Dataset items
((

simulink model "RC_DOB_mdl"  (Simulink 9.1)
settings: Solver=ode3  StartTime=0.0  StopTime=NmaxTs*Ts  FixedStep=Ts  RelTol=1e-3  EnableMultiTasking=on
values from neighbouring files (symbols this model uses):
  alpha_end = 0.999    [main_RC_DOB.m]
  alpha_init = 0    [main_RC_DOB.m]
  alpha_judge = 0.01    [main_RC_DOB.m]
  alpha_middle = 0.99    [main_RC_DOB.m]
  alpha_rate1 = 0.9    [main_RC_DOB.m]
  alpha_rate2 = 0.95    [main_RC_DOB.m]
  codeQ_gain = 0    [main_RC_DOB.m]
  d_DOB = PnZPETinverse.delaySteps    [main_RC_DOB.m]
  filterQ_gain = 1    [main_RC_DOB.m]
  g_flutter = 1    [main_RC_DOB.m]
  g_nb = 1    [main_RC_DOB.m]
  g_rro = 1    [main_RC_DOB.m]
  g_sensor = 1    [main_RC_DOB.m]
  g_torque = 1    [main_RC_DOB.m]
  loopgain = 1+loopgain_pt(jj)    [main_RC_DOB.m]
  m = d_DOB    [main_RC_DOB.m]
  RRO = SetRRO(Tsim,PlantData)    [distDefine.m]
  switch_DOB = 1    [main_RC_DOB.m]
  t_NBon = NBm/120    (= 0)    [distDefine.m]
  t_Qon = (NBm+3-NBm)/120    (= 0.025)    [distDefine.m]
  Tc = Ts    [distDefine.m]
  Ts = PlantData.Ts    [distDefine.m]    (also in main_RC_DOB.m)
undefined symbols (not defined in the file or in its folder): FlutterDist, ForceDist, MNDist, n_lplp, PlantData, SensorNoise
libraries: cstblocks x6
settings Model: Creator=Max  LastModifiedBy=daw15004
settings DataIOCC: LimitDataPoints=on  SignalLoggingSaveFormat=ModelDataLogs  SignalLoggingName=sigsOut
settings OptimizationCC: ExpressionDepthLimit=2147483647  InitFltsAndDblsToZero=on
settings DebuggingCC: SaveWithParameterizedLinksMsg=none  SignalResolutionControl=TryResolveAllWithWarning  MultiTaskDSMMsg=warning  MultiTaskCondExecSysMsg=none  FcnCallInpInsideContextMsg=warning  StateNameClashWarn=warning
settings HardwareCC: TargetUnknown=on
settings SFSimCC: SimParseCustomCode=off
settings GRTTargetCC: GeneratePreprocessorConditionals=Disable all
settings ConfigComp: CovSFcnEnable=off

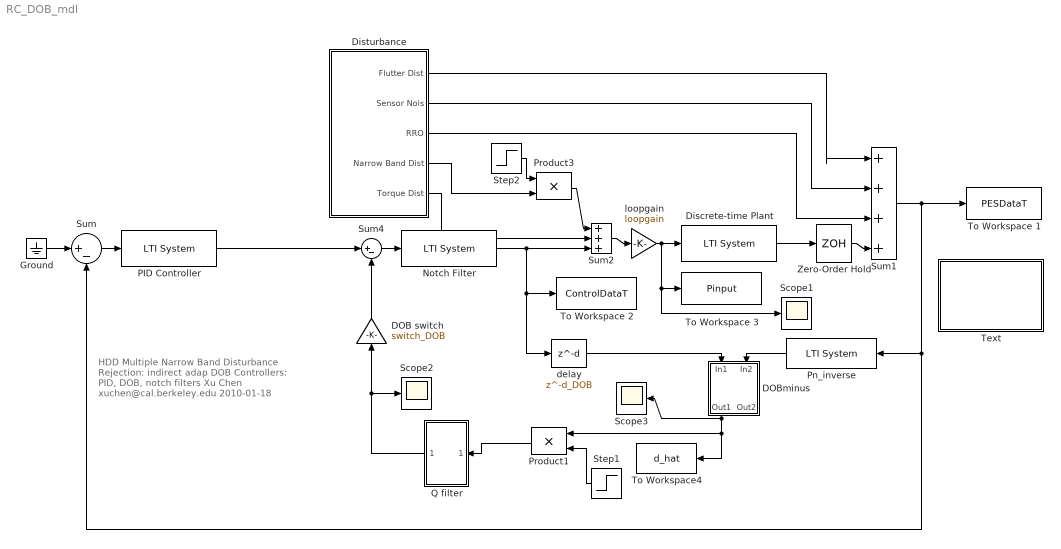
== system RC_DOB_mdl ==
  note: HDD Multiple Narrow Band
      | Disturbance Rejection: indirect adap DOB
      | Controllers: PID, DOB, notch filters
      | Xu Chen xuchen@cal.berkeley.edu
      | 2010-01-18
  DOB switch : Gain  Gain=switch_DOB  SaturateOnIntegerOverflow=on  OutDataTypeStr=Inherit: Same as input  ParamDataTypeStr=Inherit: Same as input
  DOBminus : Subsystem
  Discrete-time Plant : cstblocks/LTI System  sys=sysd_P  IC=0
  Disturbance : Subsystem
  Ground : Ground
  Notch Filter : cstblocks/LTI System  sys=sys_C2  IC=[]
  PID Controller : cstblocks/LTI System  sys=sys_C1  IC=[]
  Pn_inverse : cstblocks/LTI System  sys=G_n_inv0  IC=[]
  Product1 : Product  SaturateOnIntegerOverflow=on  OutDataTypeStr=Inherit: Same as first input
  Product3 : Product  SaturateOnIntegerOverflow=on  OutDataTypeStr=Inherit: Same as first input
  Q filter : Subsystem
  Scope1 : Scope
  Scope2 : Scope
  Scope3 : Scope
  Step1 : Step  Time=t_Qon  SampleTime=Ts
  Step2 : Step  Time=t_NBon  SampleTime=Ts
  Sum : Sum  Inputs=|+-  SaturateOnIntegerOverflow=on
  Sum1 : Sum  Inputs=+++|+  SaturateOnIntegerOverflow=on
  Sum2 : Sum  Inputs=+++  SaturateOnIntegerOverflow=on
  Sum4 : Sum  Inputs=|+-
  Text : Subsystem
      mask Display: disp('Double click here\n for help to run\nthis simulation')
  To Workspace 1 : ToWorkspace  VariableName=PESDataT  SaveFormat=Structure With Time  SampleTime=Ts
      settings: MaxDataPoints=NmaxTs
  To Workspace 2 : ToWorkspace  VariableName=ControlDataT  SaveFormat=Structure With Time  SampleTime=Tc
      settings: MaxDataPoints=NmaxTc
  To Workspace 3 : ToWorkspace  VariableName=Pinput  SaveFormat=Structure With Time  SampleTime=Tc
      settings: MaxDataPoints=NmaxTc
  To Workspace4 : ToWorkspace  VariableName=d_hat  SaveFormat=Structure With Time  SampleTime=-1
  Zero-Order Hold : ZeroOrderHold  SampleTime=Ts
  delay : Delay  DelayLength=d_DOB  InputProcessing=Inherited
  loopgain : Gain  Gain=loopgain  SaturateOnIntegerOverflow=on  OutDataTypeStr=Inherit: Same as input  ParamDataTypeStr=Inherit: Same as input
  wires:
  Ground/1 -> Sum/1
  Sum/1 -> PID Controller/1
  Sum1/1 -> To Workspace 1/1, Pn_inverse/1, Sum/2
  Disturbance/2(Sensor Nois) -> Sum1/2
  Disturbance/1(Flutter Dist) -> Sum1/1
  Disturbance/3(RRO) -> Sum1/3
  loopgain/1 -> Discrete-time Plant/1, To Workspace 3/1, Scope1/1
  Discrete-time Plant/1 -> Zero-Order Hold/1
  Zero-Order Hold/1 -> Sum1/4
  PID Controller/1 -> Sum4/1
  DOB switch/1 -> Sum4/2
  Sum2/1 -> loopgain/1
  Step2/1 -> Product3/1
  Disturbance/4(Narrow Band Dist) -> Product3/2
  Product3/1 -> Sum2/1
  Disturbance/5(Torque Dist) -> Sum2/2
  Sum4/1 -> Notch Filter/1
  Step1/1 -> Product1/2
  Product1/1 -> Q filter/1(In1)
  Q filter/1(Out1) -> DOB switch/1, Scope2/1
  delay/1 -> DOBminus/1(In1)
  Pn_inverse/1 -> DOBminus/2(In2)
  DOBminus/1(Out1) -> Scope3/1, Product1/1, To Workspace4/1
  Notch Filter/1 -> Sum2/3, To Workspace 2/1, delay/1

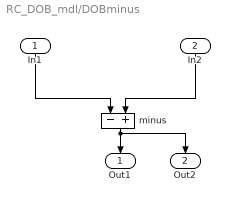
== system RC_DOB_mdl/DOBminus ==
  In1 : Inport
  In2 : Inport  Port=2
  minus : Sum  Inputs=-+
  Out1 : Outport
  Out2 : Outport  Port=2
  wires:
  In1/1 -> minus/1
  In2/1 -> minus/2
  minus/1 -> Out1/1, Out2/1

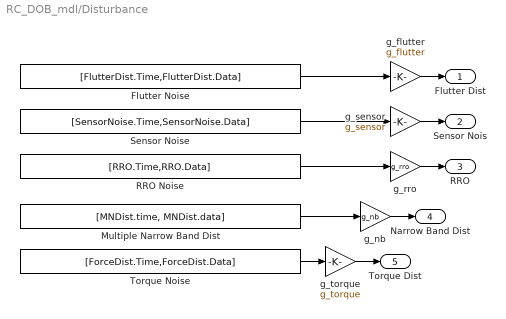
== system RC_DOB_mdl/Disturbance ==
  Flutter Noise : FromWorkspace  VariableName=[FlutterDist.Time,FlutterDist.Data]  SampleTime=FlutterDist.Ts  Interpolate=off  OutputAfterFinalValue=Setting to zero
  Multiple Narrow Band Dist : FromWorkspace  VariableName=[MNDist.time, MNDist.data]  SampleTime=MNDist.Ts  Interpolate=off  OutputAfterFinalValue=Setting to zero
  RRO Noise : FromWorkspace  VariableName=[RRO.Time,RRO.Data]  SampleTime=RRO.Ts  Interpolate=off  OutputAfterFinalValue=Setting to zero
  Sensor Noise : FromWorkspace  VariableName=[SensorNoise.Time,SensorNoise.Data]  SampleTime=SensorNoise.Ts  Interpolate=off  OutputAfterFinalValue=Setting to zero
  Torque Noise : FromWorkspace  VariableName=[ForceDist.Time,ForceDist.Data]  SampleTime=ForceDist.Ts  Interpolate=off  OutputAfterFinalValue=Setting to zero
  g_flutter : Gain  Gain=g_flutter  SaturateOnIntegerOverflow=on  OutDataTypeStr=Inherit: Same as input  ParamDataTypeStr=Inherit: Same as input
  g_nb : Gain  Gain=g_nb  SaturateOnIntegerOverflow=on  OutDataTypeStr=Inherit: Same as input  ParamDataTypeStr=Inherit: Same as input
  g_rro : Gain  Gain=g_rro  SaturateOnIntegerOverflow=on  OutDataTypeStr=Inherit: Same as input  ParamDataTypeStr=Inherit: Same as input
  g_sensor : Gain  Gain=g_sensor  SaturateOnIntegerOverflow=on  OutDataTypeStr=Inherit: Same as input  ParamDataTypeStr=Inherit: Same as input
  g_torque : Gain  Gain=g_torque  SaturateOnIntegerOverflow=on  OutDataTypeStr=Inherit: Same as input  ParamDataTypeStr=Inherit: Same as input
  Flutter Dist : Outport
  Sensor Nois : Outport  Port=2
  RRO : Outport  Port=3
  Narrow Band Dist : Outport  Port=4
  Torque Dist : Outport  Port=5
  wires:
  Multiple Narrow Band Dist/1 -> g_nb/1
  RRO Noise/1 -> g_rro/1
  Flutter Noise/1 -> g_flutter/1
  Sensor Noise/1 -> g_sensor/1
  Torque Noise/1 -> g_torque/1
  g_flutter/1 -> Flutter Dist/1
  g_sensor/1 -> Sensor Nois/1
  g_rro/1 -> RRO/1
  g_nb/1 -> Narrow Band Dist/1
  g_torque/1 -> Torque Dist/1

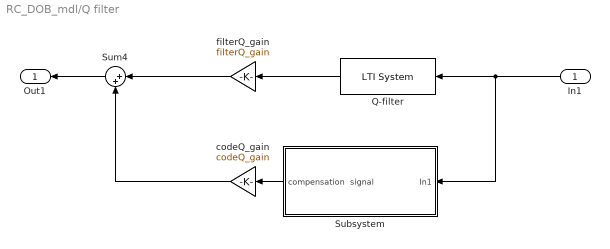
== system RC_DOB_mdl/Q filter ==
  In1 : Inport
  Q-filter : cstblocks/LTI System  sys=Q  IC=[]
  Subsystem : Subsystem
  Sum4 : Sum  Inputs=|++
  codeQ_gain : Gain  Gain=codeQ_gain  SaturateOnIntegerOverflow=on  OutDataTypeStr=Inherit: Same as input  ParamDataTypeStr=Inherit: Same as input
  filterQ_gain : Gain  Gain=filterQ_gain  SaturateOnIntegerOverflow=on  OutDataTypeStr=Inherit: Same as input  ParamDataTypeStr=Inherit: Same as input
  Out1 : Outport
  wires:
  In1/1 -> Q-filter/1, Subsystem/1(In1)
  Q-filter/1 -> filterQ_gain/1
  Subsystem/1(compensation  signal) -> codeQ_gain/1
  filterQ_gain/1 -> Sum4/1
  Sum4/1 -> Out1/1
  codeQ_gain/1 -> Sum4/2

== system RC_DOB_mdl/Text ==
  note: 3). The initial estimates (the initial conditions for the
      | integrator in the estimation algorithm block)
  note: 2). The adaptive gains (the parameters Gain and Gain1
      | in the estimation algorithm block)
  note: You can change the following parameters before
      | running the simulation and see their effects on the
      | estimator performance:
  note: This simulink program is used to implement the adaptive parallel
      | estimator in Multiple narrow band disturbance rejection.

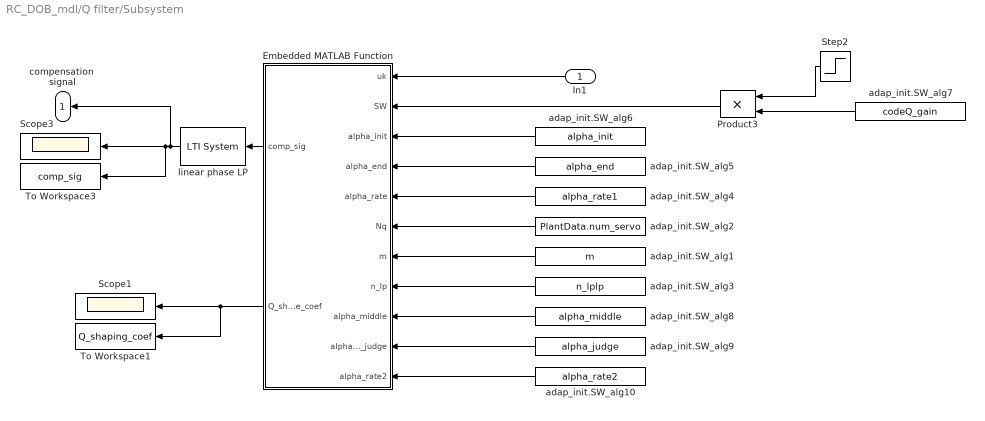
== system RC_DOB_mdl/Q filter/Subsystem ==
  In1 : Inport
  Embedded MATLAB Function : MATLAB Function  TreatAsAtomicUnit=on
  Product3 : Product  SaturateOnIntegerOverflow=on  OutDataTypeStr=Inherit: Same as first input
  Scope1 : Scope
  Scope3 : Scope
  Step2 : Step  Time=t_Qon  SampleTime=Ts
  To Workspace1 : ToWorkspace  VariableName=Q_shaping_coef  SaveFormat=Structure With Time  SampleTime=-1
  To Workspace3 : ToWorkspace  VariableName=comp_sig  SaveFormat=Structure With Time  SampleTime=-1
  adap_init.SW_alg1 : Constant  Value=m
  adap_init.SW_alg10 : Constant  Value=alpha_rate2
  adap_init.SW_alg2 : Constant  Value=PlantData.num_servo
  adap_init.SW_alg3 : Constant  Value=n_lplp
  adap_init.SW_alg4 : Constant  Value=alpha_rate1
  adap_init.SW_alg5 : Constant  Value=alpha_end
  adap_init.SW_alg6 : Constant  Value=alpha_init
  adap_init.SW_alg7 : Constant  Value=codeQ_gain
  adap_init.SW_alg8 : Constant  Value=alpha_middle
  adap_init.SW_alg9 : Constant  Value=alpha_judge
  linear phase LP : cstblocks/LTI System  sys=LPLP  IC=[]
  compensation  signal : Outport
  wires:
  Embedded MATLAB Function/1(comp_sig) -> linear phase LP/1
  Embedded MATLAB Function/2(Q_shape_coef) -> To Workspace1/1, Scope1/1
  In1/1 -> Embedded MATLAB Function/1(uk)
  adap_init.SW_alg6/1 -> Embedded MATLAB Function/3(alpha_init)
  adap_init.SW_alg5/1 -> Embedded MATLAB Function/4(alpha_end)
  adap_init.SW_alg4/1 -> Embedded MATLAB Function/5(alpha_rate)
  adap_init.SW_alg2/1 -> Embedded MATLAB Function/6(Nq)
  adap_init.SW_alg1/1 -> Embedded MATLAB Function/7(m)
  adap_init.SW_alg3/1 -> Embedded MATLAB Function/8(n_lp)
  linear phase LP/1 -> compensation  signal/1, Scope3/1, To Workspace3/1
  Step2/1 -> Product3/1
  adap_init.SW_alg7/1 -> Product3/2
  Product3/1 -> Embedded MATLAB Function/2(SW)
  adap_init.SW_alg8/1 -> Embedded MATLAB Function/9(alpha_middle)
  adap_init.SW_alg9/1 -> Embedded MATLAB Function/10(alpha_convg_judge)
  adap_init.SW_alg10/1 -> Embedded MATLAB Function/11(alpha_rate2)

== matlab function Q filter/Subsystem/Embedded MATLAB Function ==
  data: uk input double; comp_sig output double; SW input double; Q_shape_coef output double; alpha_init input double; alpha_end input double; alpha_rate input double; Nq input double; m input double; n_lp input double; alpha_middle input double; alpha_convg_judge input double; alpha_rate2 input double
function [...
    comp_sig    ,...
    Q_shape_coef]...
    = Q(...
    uk,...
    SW,...
    alpha_init,     alpha_end,      alpha_rate,...
    Nq, m, n_lp, alpha_middle, alpha_convg_judge, alpha_rate2...
    ) %#eml
persistent N ...
    x       y           ...
    alpha   iter        SW_TUNE     flag_alpha_stage1...
    %
% Code implementation of Q in RC_DOB, with dynamic shaping coefficients
%
% Xu Chen maxchen@berkeley.edu
% initial version: 2011-10-16
%
% SW_TUNE:
%           if on, the code includes an addditional shaping coeff beta
%           in the Q filter adaptation
%

if isempty(N)
    if 1
        N = 220;
    else
        N = Nq;
    end
    
    SW_TUNE                 = 0;
    
    %     N_vec   = uint16(2*N);
    %     x       = zeros(N_vec,1);
    %     x_ori   = zeros(N_vec,1);
    %     c       = zeros(N_vec,1);
    x       = (zeros(N,1));
    y       = 0;
    
    alpha       = alpha_init;
    comp_sig = 0;
    iter    = 0;
    flag_alpha_stage1 = 1;
end
if SW == 0
    %========= Adaptation turned off. ==========
    % update observation vector
    if 1 % 2011-10-16 make it comparable to filterQ
    else
    x(2:N)      = x(1:N-1);
    x(1)        = uk;
    end
    
    comp_sig    = 0;
else % if SW == 1
    
    if 1
        xk = uk+alpha^N*(x(N)-uk);
    else
        xk = (1-alpha^N)*uk+alpha^N*x(N);
    end
    y = x(N-m-n_lp);
    
    if alpha_middle == alpha_end
        alpha = alpha_end - (alpha_end-alpha) * alpha_rate; 
    else
        if flag_alpha_stage1
            delta_alpha = alpha_middle - (alpha_middle-alpha) * alpha_rate - alpha;
            % delta_alpha should be less than zero since alpha_init > alpha_middle by design
            if delta_alpha/(alpha_init-alpha_middle) > - alpha_convg_judge%0.001
                flag_alpha_stage1 = 0;
            end
            alpha = alpha + delta_alpha;
        else% alpha stage two
            alpha = alpha_end - (alpha_end-alpha) * alpha_rate2; % use a slower alpha_rate2
        end
    end
    iter = iter + 1; % iteration update
    
    % =======output========
    x(2:N) = x(1:N-1);
    x(1) = xk;
    % some gain scheduling if necessary
    if SW_TUNE
        if y > 10
            y = 10;
        end
    else
        
    end
    comp_sig = y;
end
Q_shape_coef            = alpha;

))

§ **YOUR GOAL**: Which lines run from the one holding "adap_init.SW_alg5/1 -> Embedded" through the one holding "adap_init.SW_alg3/1 -> Embedded" in the records above? Repeat them exactly, both included, and nothing more.

§ **RESPONSE BELOW**:
  adap_init.SW_alg5/1 -> Embedded MATLAB Function/4(alpha_end)
  adap_init.SW_alg4/1 -> Embedded MATLAB Function/5(alpha_rate)
  adap_init.SW_alg2/1 -> Embedded MATLAB Function/6(Nq)
  adap_init.SW_alg1/1 -> Embedded MATLAB Function/7(m)
  adap_init.SW_alg3/1 -> Embedded MATLAB Function/8(n_lp)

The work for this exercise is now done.